Seguro que conocen esa sensación. Ese agobio, ese tembleque que nace no se sabe dónde dentro del cuerpo, pero muy adentro, y va subiendo y subiendo hasta... desvanecerse. Como cuando hierve el café en la cafetera, pero en una cafetera buena, de las antiguas, no estas modernas de las capsulitas (¿Cuándo va a venir George Clooney a pasar la sobremesa a casa? Seamos serios). Ese café en ebullición, que parece que va a despegar un Airbus 400M dentro de la cocina, que crece, que crece y al final... nada. Bueno, nada no, café. Esta sensación que dura nada, apenas dos o tres segundos, que es como una ansiedad de bolsillo, como un orgasmo regulero, se me reproduce y seguro que a ustedes también al menos una vez por semana (Exacto, como los orgasmos). La habrán notado cuando, al llegar de un largo viaje de fin de semana, sacando las cosas del coche y haciendo recuento, un elemento de la lista se demora en aparecer: «la maleta, el móvil, la cartera, las llaves de la casa... ¿las llaves de la casa?» Mirar en el último compartimento de la vestimenta ese papel del banco que juraríamos que nada más salir de casa metimos, no hay duda alguna, en la carpeta con el resto. No hace falta que les diga que el anuncio de la paternidad de unos amigos, mal formulada, con un suspiro o con estornudo mediante hace bullir ese sofoco de manera instantánea. Y si la revelación nos la hacen por teléfono, ya ni les cuento. Hay veces que, incluso, esta sensación se dilata en el tiempo, como un pellizco cogido desde que lees la noticia de que el hombre del traje gris está ingresado en no sé dónde, que no va a cantar el fin de semana, hasta que esos dedos imaginarios, listos para apretar como la más cruel de las monjas, te libera y el agobio se marcha donde habita el olvido.

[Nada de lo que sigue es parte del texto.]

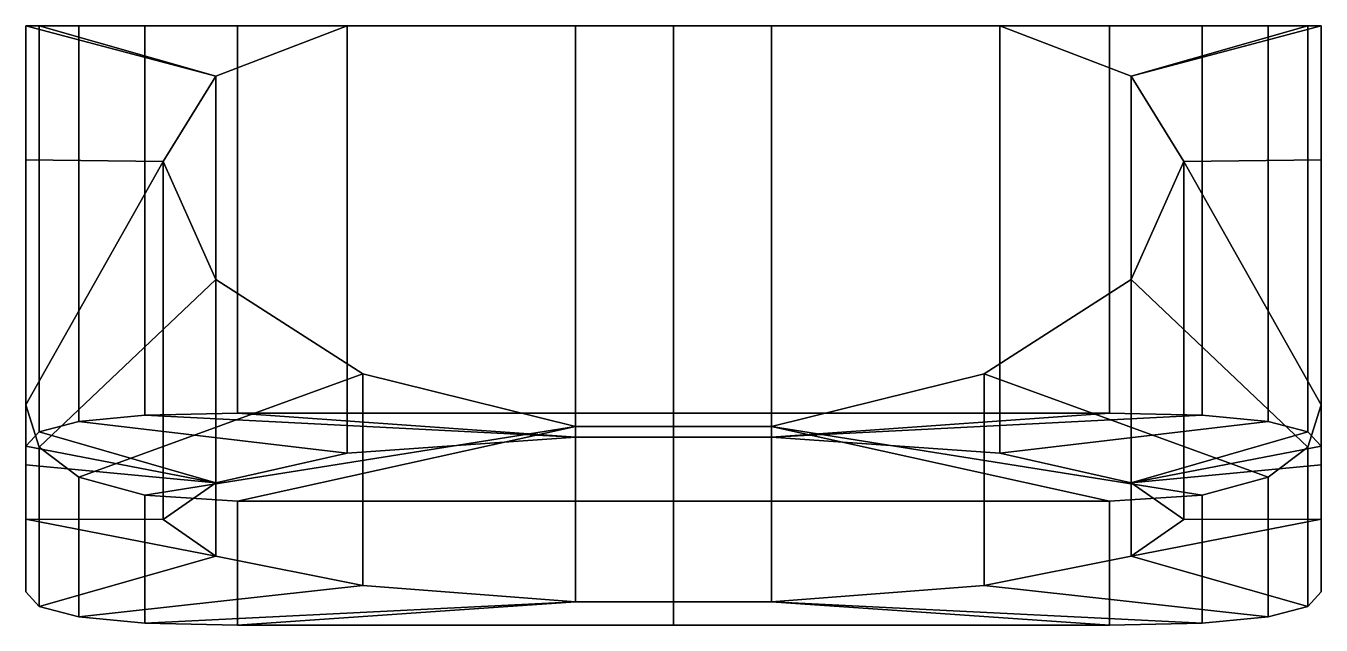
# Model space of a CAD drawing. Extents: x -20 to 19.8, y -18.4 to 0.
import ezdxf

# ---------------------------------------------------------------- set-up
doc = ezdxf.new("R2010")
doc.units = 0
doc.layers.add('METAL', color=190, linetype='CONTINUOUS')

msp = doc.modelspace()

# ---------------------------------------------------------------- meshes
at = {"layer": 'METAL'}
mesh = msp.add_polyface(dxfattribs=at)
corners = [(-20, -11.649, -32.212), (-20, -11.649, -32.212), (-20, -17.398, -31.578), (-20, -17.398, -31.578), (-20, -15.167, -18.077), (-20, -15.167, -18.077), (-20, -4.118, -18.013), (-20, -4.118, -18.013), (-20, 0, -8.525), (-20, 0, -8.525), (-20, -13.499, -8.11), (-20, -13.499, -8.11), (-20, 0, -5.139), (-20, 0, -5.139), (-20, -12.925, -4.508), (-20, -12.925, -4.508), (-19.594, -12.946, -34.744), (-19.594, -12.946, -34.744), (-19.594, -17.845, -34.388), (-19.594, -17.845, -34.388), (-19.594, 0, -2.294), (-19.594, 0, -2.294), (-19.594, -12.478, -1.699), (-19.594, -12.478, -1.699), (-18.374, -13.873, -36.553), (-18.374, -13.873, -36.553), (-18.374, -18.165, -36.394), (-18.374, -18.165, -36.394), (-18.374, 0, -0.261), (-18.374, 0, -0.261), (-18.374, -12.158, 0.308), (-18.374, -12.158, 0.308), (-16.342, -14.429, -37.638), (-16.342, -14.429, -37.638), (-16.342, -18.357, -37.599), (-16.342, -18.357, -37.599), (-16.342, 0, 0.958), (-16.342, 0, 0.958), (-16.342, -11.966, 1.512), (-16.342, -11.966, 1.512), (-15.78, -15.172, -18.109), (-15.78, -15.172, -18.109), (-15.78, -4.167, -18.109), (-15.78, -4.167, -18.109), (-14.165, -16.299, -24.684), (-14.165, -16.299, -24.684), (-14.165, -7.792, -24.684), (-14.165, -7.792, -24.684), (-14.165, -14.045, -11.533), (-14.165, -14.045, -11.533), (-14.165, -1.541, -11.533), (-14.165, -1.541, -11.533), (-13.497, -18.421, -38), (-13.497, -18.421, -38), (-13.497, -14.614, -38), (-13.497, -14.614, -38), (-13.497, 0, 1.365), (-13.497, 0, 1.365), (-13.497, -11.902, 1.914), (-13.497, -11.902, 1.914), (-10.128, -13.14, -6.285), (-10.128, -13.14, -6.285), (-10.128, 0, -6.285), (-10.128, 0, -6.285), (-9.64, -17.203, -30.359), (-9.64, -17.203, -30.359), (-9.64, -10.699, -30.359), (-9.64, -10.699, -30.359), (-3.101, -12.639, -2.71), (-3.101, -12.639, -2.71), (-3.101, 0, -2.71), (-3.101, 0, -2.71), (-3.101, -17.705, -33.507), (-3.101, -17.705, -33.507), (-3.101, -12.313, -33.507), (-3.101, -12.313, -33.507), (-0.091, -18.421, -38), (-0.091, -18.421, -38), (-0.091, -14.614, -38), (-0.091, -14.614, -38), (-0.091, -17.705, -33.507), (-0.091, -17.705, -33.507), (-0.091, -12.313, -33.507), (-0.091, -12.313, -33.507), (-0.091, -12.639, -2.71), (-0.091, -12.639, -2.71), (-0.091, 0, -2.71), (-0.091, 0, -2.71), (-0.091, 0, 1.365), (-0.091, 0, 1.365), (-0.091, -11.902, 1.914), (-0.091, -11.902, 1.914), (2.918, -17.705, -33.507), (2.918, -17.705, -33.507), (2.918, -12.313, -33.507), (2.918, -12.313, -33.507), (2.918, -12.639, -2.71), (2.918, -12.639, -2.71), (2.918, 0, -2.71), (2.918, 0, -2.71), (9.457, -17.203, -30.359), (9.457, -17.203, -30.359), (9.457, -10.699, -30.359), (9.457, -10.699, -30.359), (9.945, -13.14, -6.285), (9.945, -13.14, -6.285), (9.945, 0, -6.285), (9.945, 0, -6.285), (13.314, -18.421, -38), (13.314, -18.421, -38), (13.314, -14.614, -38), (13.314, -14.614, -38), (13.314, 0, 1.365), (13.314, 0, 1.365), (13.314, -11.902, 1.914), (13.314, -11.902, 1.914), (13.982, -16.299, -24.684), (13.982, -16.299, -24.684), (13.982, -7.792, -24.684), (13.982, -7.792, -24.684), (13.982, -14.045, -11.533), (13.982, -14.045, -11.533), (13.982, -1.541, -11.533), (13.982, -1.541, -11.533), (15.597, -15.172, -18.109), (15.597, -15.172, -18.109), (15.597, -4.167, -18.109), (15.597, -4.167, -18.109), (16.159, -14.429, -37.638), (16.159, -14.429, -37.638), (16.159, -18.357, -37.599), (16.159, -18.357, -37.599), (16.159, 0, 0.958), (16.159, 0, 0.958), (16.159, -11.966, 1.512), (16.159, -11.966, 1.512), (18.191, -13.873, -36.553), (18.191, -13.873, -36.553), (18.191, -18.165, -36.394), (18.191, -18.165, -36.394), (18.191, 0, -0.261), (18.191, 0, -0.261), (18.191, -12.158, 0.308), (18.191, -12.158, 0.308), (19.411, -12.946, -34.744), (19.411, -12.946, -34.744), (19.411, -17.845, -34.388), (19.411, -17.845, -34.388), (19.411, 0, -2.294), (19.411, 0, -2.294), (19.411, -12.478, -1.699), (19.411, -12.478, -1.699), (19.817, -11.649, -32.212), (19.817, -11.649, -32.212), (19.817, -17.398, -31.578), (19.817, -17.398, -31.578), (19.817, -15.167, -18.077), (19.817, -15.167, -18.077), (19.817, -4.118, -18.013), (19.817, -4.118, -18.013), (19.817, 0, -8.525), (19.817, 0, -8.525), (19.817, -13.499, -8.11), (19.817, -13.499, -8.11), (19.817, 0, -5.139), (19.817, 0, -5.139), (19.817, -12.925, -4.508), (19.817, -12.925, -4.508)]
mesh.append_faces([[corners[k] for k in face] for face in [(99, 87, 88, 112), (89, 91, 115, 113), (159, 161, 163, 157), (161, 165, 167, 163), (133, 113, 115, 135), (131, 108, 110, 129), (141, 133, 135, 143), (149, 141, 143, 151), (165, 149, 151, 167), (139, 131, 129, 137), (147, 139, 137, 145), (155, 147, 145, 153), (104, 106, 122, 120), (98, 106, 104, 96), (84, 86, 98, 96), (126, 124, 120, 122), (102, 94, 92, 100), (118, 102, 100, 116), (126, 118, 116, 124), (128, 95, 103, 136), (101, 93, 130, 138), (144, 136, 103, 119), (101, 138, 146, 117), (128, 111, 95, 95), (93, 109, 130, 130), (148, 123, 107, 140), (105, 121, 150, 142), (148, 164, 123, 123), (121, 166, 150, 150), (132, 140, 107, 99), (105, 142, 134, 97), (117, 146, 154, 156), (125, 117, 156, 156), (157, 155, 153, 159), (152, 144, 119, 127), (158, 152, 127, 127), (158, 127, 123, 160), (164, 160, 123, 123), (121, 125, 156, 162), (121, 162, 166, 166), (97, 134, 114, 114), (112, 132, 99, 99), (110, 108, 76, 78), (97, 114, 90, 85), (92, 94, 83, 81), (70, 57, 88, 87), (89, 56, 58, 91), (6, 4, 10, 8), (8, 10, 14, 12), (36, 38, 58, 56), (34, 32, 54, 52), (28, 30, 38, 36), (20, 22, 30, 28), (12, 14, 22, 20), (26, 24, 32, 34), (18, 16, 24, 26), (2, 0, 16, 18), (61, 49, 51, 63), (71, 69, 61, 63), (84, 69, 71, 86), (43, 51, 49, 41), (67, 65, 73, 75), (47, 45, 65, 67), (43, 41, 45, 47), (33, 25, 66, 74), (64, 27, 35, 72), (17, 46, 66, 25), (64, 44, 19, 27), (33, 74, 55, 55), (72, 53, 77, 80), (21, 29, 62, 50), (60, 31, 23, 48), (21, 50, 13, 13), (48, 23, 15, 15), (37, 70, 62, 29), (60, 68, 39, 31), (3, 19, 44, 5), (40, 5, 44, 44), (4, 6, 0, 2), (46, 17, 1, 42), (7, 42, 1, 1), (7, 9, 50, 42), (13, 50, 9, 9), (48, 11, 5, 40), (48, 15, 11, 11), (68, 59, 39, 39), (57, 70, 37, 37), (54, 78, 76, 52), (68, 85, 90, 59), (73, 81, 83, 75), (72, 35, 53, 53), (93, 80, 77, 109), (79, 82, 95, 111), (74, 82, 79, 55)]])

doc.saveas('drawing.dxf')
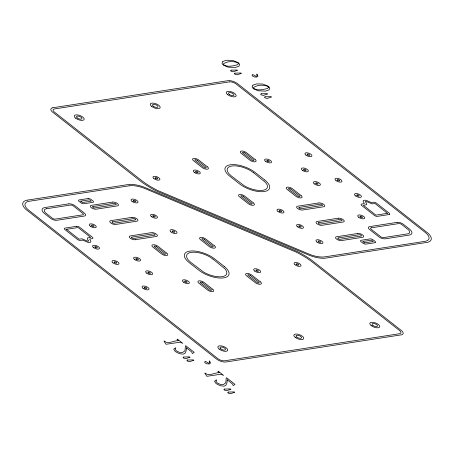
<?xml version="1.0" encoding="UTF-8"?>
<svg xmlns="http://www.w3.org/2000/svg" width="454" height="454" viewBox="0 0 454 454"><rect width="100%" height="100%" fill="white"/><g stroke="black" fill="none" stroke-linecap="round" stroke-linejoin="round"><path stroke-width="0.68" d="M135.156 239.735L156.346 236.455A3.694 1.561 20.4 0 0 156.431 234.156A3.694 1.561 20.4 0 0 151.477 232.635L130.287 235.915A3.694 1.561 20.4 0 0 130.202 238.214A3.694 1.561 20.4 0 0 135.156 239.735M364.477 242.884L373.301 241.5L371.582 240.149L362.706 241.5L364.42 242.867M178.178 340.29L178.161 340.676C173.956 340.438 167.849 344.711 164.462 341.107L163.968 341.039L166.016 344.285L180.051 342.202L182.786 343.366L177.463 339.183L177.06 339.246L178.178 340.29M218.998 372.325L218.981 372.711C214.776 372.473 208.67 376.752 205.282 373.143L204.788 373.075L206.837 376.321L220.871 374.244L223.606 375.401L218.283 371.224L217.88 371.281L218.998 372.325M186.446 347.775L186.146 350.874L184.937 353.416L183.206 354.154L179.347 353.666L175.323 351.589L173.695 349.302L175.426 347.775L175.811 348.076L175.182 349.325L176.424 350.897L179.296 352.31L182.417 352.599L184.954 350.794L185.459 345.84L185.856 345.778L194.216 352.332L192.382 353.553L191.645 351.935L186.446 347.775M227.267 379.811L226.966 382.909L225.757 385.452L224.032 386.189L220.167 385.707L216.144 383.624L214.515 381.337L216.246 379.811L216.632 380.111L216.002 381.366L217.245 382.932L220.116 384.345L223.237 384.634L225.774 382.83L226.279 377.876L226.682 377.813L235.036 384.373L233.203 385.588L232.465 383.971L227.267 379.811M80.704 201.145L82.458 202.529L91.294 201.15L89.534 199.783L80.704 201.145M66.517 229.321L79.064 239.196L81.924 238.781L86.731 240.819A1.328 0.562 20.4 0 0 88.258 241.188A1.328 0.562 20.4 0 0 88.485 240.546L87.747 239.86L87.389 237.941L90.681 237.414L78.094 227.533L66.517 229.321M387.483 213.323L375.906 215.128L363.319 205.248L366.611 204.72L366.253 202.807L365.515 202.115A1.328 0.562 20.4 0 1 365.742 201.474A1.328 0.562 20.4 0 1 367.269 201.848L372.076 203.88L374.936 203.471L387.483 213.323M222.766 61.511L222.006 63.458L223.243 65.092L227.891 67.118L235.291 67.493L238.923 66.267L239.706 64.44L238.384 62.646L232.533 60.382L226.359 60.269L222.766 61.511M252.889 85.153L252.129 87.1L253.366 88.734L258.014 90.76L265.414 91.135L269.052 89.909L269.829 88.082L268.513 86.288L262.656 84.024L256.482 83.911L252.889 85.153M238.378 63.776L237.538 64.774C233.22 65.875 228.09 67.34 223.947 64.973L223.345 63.878C227.392 61.057 233.243 60.972 237.737 62.777L238.378 63.776M268.507 87.418L267.667 88.417C263.343 89.517 258.212 90.982 254.075 88.615L253.468 87.52C257.514 84.699 263.371 84.614 267.86 86.419L268.507 87.418M252.543 74.825L252.021 75.273L252.6 76.085L254.45 76.947L256.641 77.118L257.968 76.21L257.112 74.121L256.635 74.195L257.157 75.676L256.107 76.397L253.712 74.927L252.543 74.825M205.1 361.702L204.584 362.15L205.157 362.956L207.007 363.824L209.198 363.989L210.525 363.087L209.669 360.992L209.192 361.066L209.714 362.553L208.664 363.268L206.269 361.804L205.1 361.702M235.03 73.139L234.326 73.525L234.786 74.178L236.988 74.819L241.358 73.395L240.858 73.003L235.03 73.139M265.153 96.781L264.449 97.167L264.909 97.82L267.111 98.461L271.486 97.037L270.981 96.645L265.153 96.781M187.587 360.016L186.883 360.397L187.343 361.055L189.545 361.69L193.92 360.272L193.415 359.88L187.587 360.016M228.407 392.052L227.704 392.432L228.163 393.09L230.365 393.731L234.741 392.307L234.236 391.916L228.407 392.052M231.228 70.143L230.496 70.518L230.933 71.153L233.169 71.806L237.487 70.353L237.033 70.001L231.228 70.143M261.351 93.785L260.624 94.16L261.056 94.795L263.292 95.448L267.61 93.995L267.162 93.643L261.351 93.785M183.785 357.02L183.058 357.394L183.49 358.03L185.726 358.683L190.044 357.23L189.596 356.878L183.785 357.02M224.605 389.055L223.879 389.43L224.31 390.065L226.546 390.718L230.865 389.265L230.416 388.913L224.605 389.055M93.008 206.559L92.712 206.644A1.328 0.562 20.4 0 0 92.883 207.41A1.328 0.562 20.4 0 0 94.404 207.972L116.059 204.618A1.328 0.562 20.4 0 0 115.889 203.852A1.328 0.562 20.4 0 0 114.368 203.29L93.008 206.559M112.473 221.836L112.178 221.921A1.328 0.562 20.4 0 0 112.348 222.687A1.328 0.562 20.4 0 0 113.869 223.249L135.525 219.895A1.328 0.562 20.4 0 0 135.354 219.129A1.328 0.562 20.4 0 0 133.834 218.567L112.473 221.836M131.938 237.113L131.643 237.198A1.328 0.562 20.4 0 0 131.813 237.964A1.328 0.562 20.4 0 0 133.334 238.526L154.99 235.172A1.328 0.562 20.4 0 0 154.82 234.406A1.328 0.562 20.4 0 0 153.299 233.844L131.938 237.113M299.305 207.404L299.01 207.489A1.328 0.562 20.4 0 0 299.18 208.261A1.328 0.562 20.4 0 0 300.701 208.817L322.357 205.463A1.328 0.562 20.4 0 0 322.187 204.697A1.328 0.562 20.4 0 0 320.666 204.141L299.305 207.404M318.77 222.681L318.475 222.766A1.328 0.562 20.4 0 0 318.646 223.533A1.328 0.562 20.4 0 0 320.166 224.094L341.822 220.74A1.328 0.562 20.4 0 0 341.652 219.974A1.328 0.562 20.4 0 0 340.131 219.418L318.77 222.681M338.236 237.958L337.941 238.044A1.328 0.562 20.4 0 0 338.111 238.81A1.328 0.562 20.4 0 0 339.632 239.371L361.288 236.018A1.328 0.562 20.4 0 0 361.117 235.251A1.328 0.562 20.4 0 0 359.596 234.695L338.236 237.958M52.88 107.746L52.318 107.865A7.321 3.093 20.4 0 0 52.165 111.792L139.747 180.561A55.626 23.506 20.4 0 0 153.827 189.641L157.118 191.338L309.957 255.534A20.107 8.495 20.4 0 0 325.189 258.201L427.867 242.271A16.633 7.031 20.4 0 0 428.213 233.356L236.943 83.195A7.321 3.093 20.4 0 0 228.493 80.602L52.88 107.746M27.473 200.101L26.133 200.396A16.633 7.031 20.4 0 0 25.787 209.311L217.057 359.466A7.321 3.093 20.4 0 0 225.507 362.059L401.682 334.797A7.321 3.093 20.4 0 0 401.835 330.875L311.767 260.227A55.683 23.534 20.4 0 0 300.173 253.026L296.882 251.323L144.043 187.127A20.107 8.495 20.4 0 0 128.811 184.46L27.473 200.101M46.456 208.755L45.78 208.902A7.474 3.161 20.4 0 0 45.627 212.909L52.46 218.295A2.281 0.965 20.4 0 0 55.093 219.106L82.974 214.793A2.281 0.965 20.4 0 0 83.02 213.567L73.185 205.849A2.281 0.965 20.4 0 0 70.552 205.043L46.456 208.755M371.264 227.823L371.026 227.874A2.281 0.965 20.4 0 0 370.98 229.094L380.815 236.812A2.281 0.965 20.4 0 0 383.448 237.624L408.22 233.765A7.474 3.161 20.4 0 0 408.373 229.758L401.54 224.367A2.281 0.965 20.4 0 0 398.907 223.561L371.264 227.823M76.476 226.313L64.791 228.135A2.469 1.044 20.4 0 0 64.74 229.457L77.634 239.576A2.469 1.044 20.4 0 0 80.483 240.45L82.696 240.109L87.321 242.13A3.694 1.561 20.4 0 0 90.885 241.579L89.705 239.037L92.196 238.651A2.469 1.044 20.4 0 0 92.258 237.113L79.308 227.006A2.469 1.044 20.4 0 0 76.476 226.313M389.209 214.526L377.524 216.348A2.469 1.044 20.4 0 1 374.692 215.656L361.742 205.548A2.469 1.044 20.4 0 1 361.804 204.011L364.295 203.63L363.115 201.082A3.694 1.561 20.4 0 1 366.679 200.532L371.304 202.552L373.517 202.212A2.469 1.044 20.4 0 1 376.366 203.086L389.26 213.204A2.469 1.044 20.4 0 1 389.209 214.526M229.344 81.89L54.474 108.949A4.971 2.1 20.4 0 0 54.355 112.042L141.319 180.295A53.254 22.507 20.4 0 0 157.873 190.578L308.924 254.058A17.757 7.502 20.4 0 0 324.854 256.845L424.927 241.358A14.284 6.038 20.4 0 0 425.273 232.465L236.012 83.933A4.971 2.1 20.4 0 0 229.344 81.89M129.146 185.822L29.073 201.304A14.284 6.038 20.4 0 0 28.727 210.196L217.988 358.734A4.971 2.1 20.4 0 0 224.656 360.777L399.526 333.713A4.971 2.1 20.4 0 0 399.645 330.62L312.681 262.372A53.254 22.507 20.4 0 0 296.127 252.083L145.076 188.603A17.757 7.502 20.4 0 0 129.146 185.822M88.161 198.54L78.979 199.959A2.469 1.044 20.4 0 0 78.928 201.281L80.988 202.898A2.469 1.044 20.4 0 0 83.837 203.772L92.809 202.393A2.469 1.044 20.4 0 0 92.871 200.861L91.01 199.414A2.469 1.044 20.4 0 0 88.161 198.54M68.787 203.846L44.861 207.552A9.823 4.154 20.4 0 0 44.623 213.664L50.644 218.391A4.631 1.958 20.4 0 0 56.858 220.298L84.331 216.047A4.631 1.958 20.4 0 0 84.444 213.164L75.001 205.753A4.631 1.958 20.4 0 0 68.787 203.846M112.547 202.081L91.356 205.361A3.694 1.561 20.4 0 0 91.271 207.66A3.694 1.561 20.4 0 0 96.225 209.181L117.416 205.9A3.694 1.561 20.4 0 0 117.501 203.602A3.694 1.561 20.4 0 0 112.547 202.081M132.012 217.358L110.821 220.638A3.694 1.561 20.4 0 0 110.736 222.937A3.694 1.561 20.4 0 0 115.691 224.458L136.881 221.177A3.694 1.561 20.4 0 0 136.966 218.879A3.694 1.561 20.4 0 0 132.012 217.358M318.844 202.932L297.654 206.207A3.694 1.561 20.4 0 0 297.569 208.511A3.694 1.561 20.4 0 0 302.523 210.026L323.713 206.752A3.694 1.561 20.4 0 0 323.798 204.448A3.694 1.561 20.4 0 0 318.844 202.932M338.309 218.204L317.119 221.484A3.694 1.561 20.4 0 0 317.034 223.782A3.694 1.561 20.4 0 0 321.988 225.303L343.179 222.023A3.694 1.561 20.4 0 0 343.264 219.725A3.694 1.561 20.4 0 0 338.309 218.204M397.142 222.364L369.669 226.614A4.631 1.958 20.4 0 0 369.556 229.503L378.999 236.909A4.631 1.958 20.4 0 0 385.213 238.815L409.139 235.115A9.823 4.154 20.4 0 0 409.377 228.998L403.356 224.27A4.631 1.958 20.4 0 0 397.142 222.364M357.775 233.481L336.584 236.761A3.694 1.561 20.4 0 0 336.499 239.059A3.694 1.561 20.4 0 0 341.453 240.58L362.644 237.3A3.694 1.561 20.4 0 0 362.729 235.002A3.694 1.561 20.4 0 0 357.775 233.481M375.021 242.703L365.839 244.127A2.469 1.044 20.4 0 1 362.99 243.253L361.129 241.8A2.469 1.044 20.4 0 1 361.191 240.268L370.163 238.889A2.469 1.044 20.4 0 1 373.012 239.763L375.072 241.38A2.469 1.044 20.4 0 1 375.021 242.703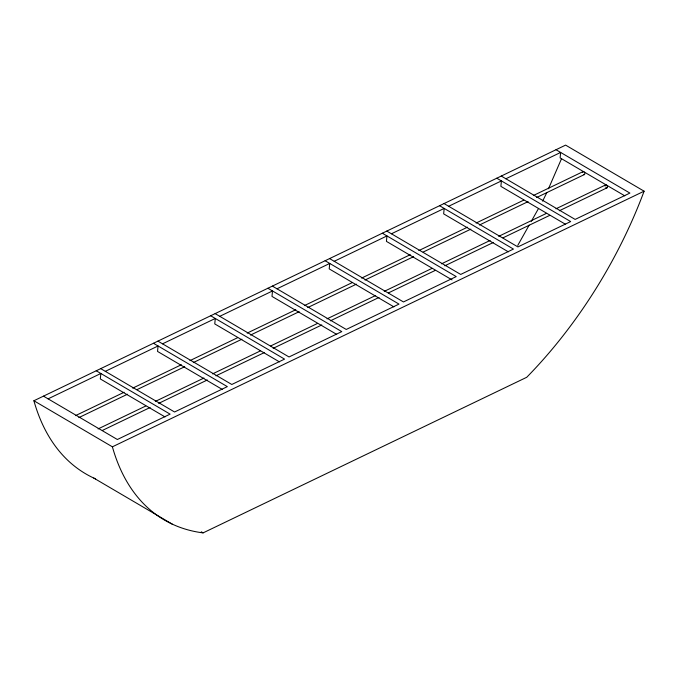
<?xml version="1.0" encoding="UTF-8"?>
<svg xmlns="http://www.w3.org/2000/svg" width="678" height="678" viewBox="0 0 678 678"><rect width="100%" height="100%" fill="white"/><g stroke="black" fill="none" stroke-linecap="round" stroke-linejoin="round"><path stroke-width="1.02" d="M546.807 192.628L542.629 201.154M548.485 188.755L561.503 158.737M517.746 245.436L529.154 225.138M531.221 221.452L538.485 208.536M95.606 478.888A309.693 172.653 -59.6 0 1 33.9 400.749L565.605 145.117L644.1 191.188A309.693 172.653 -59.6 0 1 526.73 377.282L203.086 532.883L201.256 531.806M48.096 398.85L100.844 373.493L100.31 378.934L165.017 416.911M105.319 371.341L158.067 345.983L157.533 351.424L222.24 389.401M162.542 343.831L215.29 318.465L214.757 323.914L279.463 361.891M219.765 316.321L272.514 290.955L271.98 296.405L336.686 334.381M276.988 288.811L329.737 263.445L329.203 268.886L393.91 306.863M334.212 261.301L386.96 235.936L386.426 241.376L452.048 279.887M391.435 233.783L444.183 208.426L443.649 213.867L508.356 251.843M448.658 206.273L501.406 180.916L500.873 186.357L565.579 224.333M505.881 178.763L560.647 152.431L560.113 157.881L624.811 195.857M75.478 415.648L124.125 392.257M132.71 388.13L181.357 364.747M189.942 360.62L237.631 337.686M247.173 333.101L295.82 309.719M304.405 305.592L352.094 282.658M361.628 278.073L410.275 254.691M418.86 250.563L467.506 227.172M476.092 223.045L523.78 200.12M533.323 195.535L582.919 171.687M78.834 417.614L127.481 394.223M137.015 389.638L184.713 366.713M193.289 362.586L241.936 339.195M250.521 335.068L299.168 311.685M307.753 307.558L356.399 284.167M364.984 280.039L413.631 256.657M423.165 252.063L470.854 229.139M479.439 225.011L528.086 201.62M536.671 197.493L584.36 174.568M98.098 428.92L145.795 405.995M155.33 401.41L203.976 378.019M212.561 373.892L260.25 350.967M270.742 345.924L317.482 323.448M327.016 318.863L375.663 295.481M384.248 291.354L431.937 268.42M441.48 263.835L490.126 240.453M498.711 236.325L546.4 213.392M555.943 208.807L605.539 184.958M102.403 430.428L150.101 407.503M158.677 403.376L207.324 379.985M215.909 375.858L264.556 352.475M273.141 348.348L321.787 324.957M330.372 320.83L379.019 297.447M388.553 292.854L435.293 270.386M444.827 265.801L493.474 242.41M503.017 237.825L549.748 215.358M559.291 210.773L606.98 187.84M33.9 400.749L112.395 446.819L644.1 191.188M556.028 149.728L629.904 193.086L575.139 219.418L501.262 176.051M496.796 178.204L570.673 221.562L517.916 246.928L444.039 203.561M439.573 205.714L513.449 249.072L460.693 274.437L386.816 231.079M382.35 233.224L456.226 276.59L403.469 301.947L329.593 258.589M325.126 260.733L399.003 304.1L346.246 329.457L272.37 286.099M267.903 288.252L341.78 331.61L289.023 356.967L215.146 313.609M210.68 315.762L284.557 359.12L231.8 384.485L157.923 341.119M153.457 343.271L227.333 386.63L174.577 411.995L100.7 368.629M96.234 370.781L170.11 414.139L117.353 439.505L43.477 396.147M93.759 478.058L172.254 524.128M203.086 532.883A309.693 172.653 -59.6 0 1 112.395 446.819M605.183 185.399A1.61 1.034 64.3 0 1 606.691 185.263A1.61 1.034 64.3 0 1 607.344 187.408A1.61 1.034 64.3 0 1 605.835 187.543M605.107 186.103A1.61 1.034 64.3 0 1 605.107 185.721M582.487 172.449A1.61 1.034 64.3 0 1 583.673 171.712A1.61 1.034 64.3 0 1 584.8 173.56A1.61 1.034 64.3 0 1 583.809 174.619"/></g></svg>

Pero al final, las llaves aparecen en la mochila, el papel del banco estaba en el bolsillo del pantalón vaquero, el niño lo van a tener Elena y Antonio y Joaquín Sabina mejora de lo suyo, se hace justicia y todo vuelve a la normalidad. O bueno, casi, porque desde el jueves hay una agobio que no se me quita, y menos al pensar que hay gente por ahí que piensa que cinco contra una es algo que hombre, molar, molar no es que mole, pero que tampoco está tan malamente, que ahí lo estaban pasando bien los seis, fíjate que hasta se grabaron. Y ese sofoco amenaza con convertirse incluso en miedo, porque quien piensa así no es ninguno de los anormales de La Manada, quien lo piensa es un juez. Menudo agobio.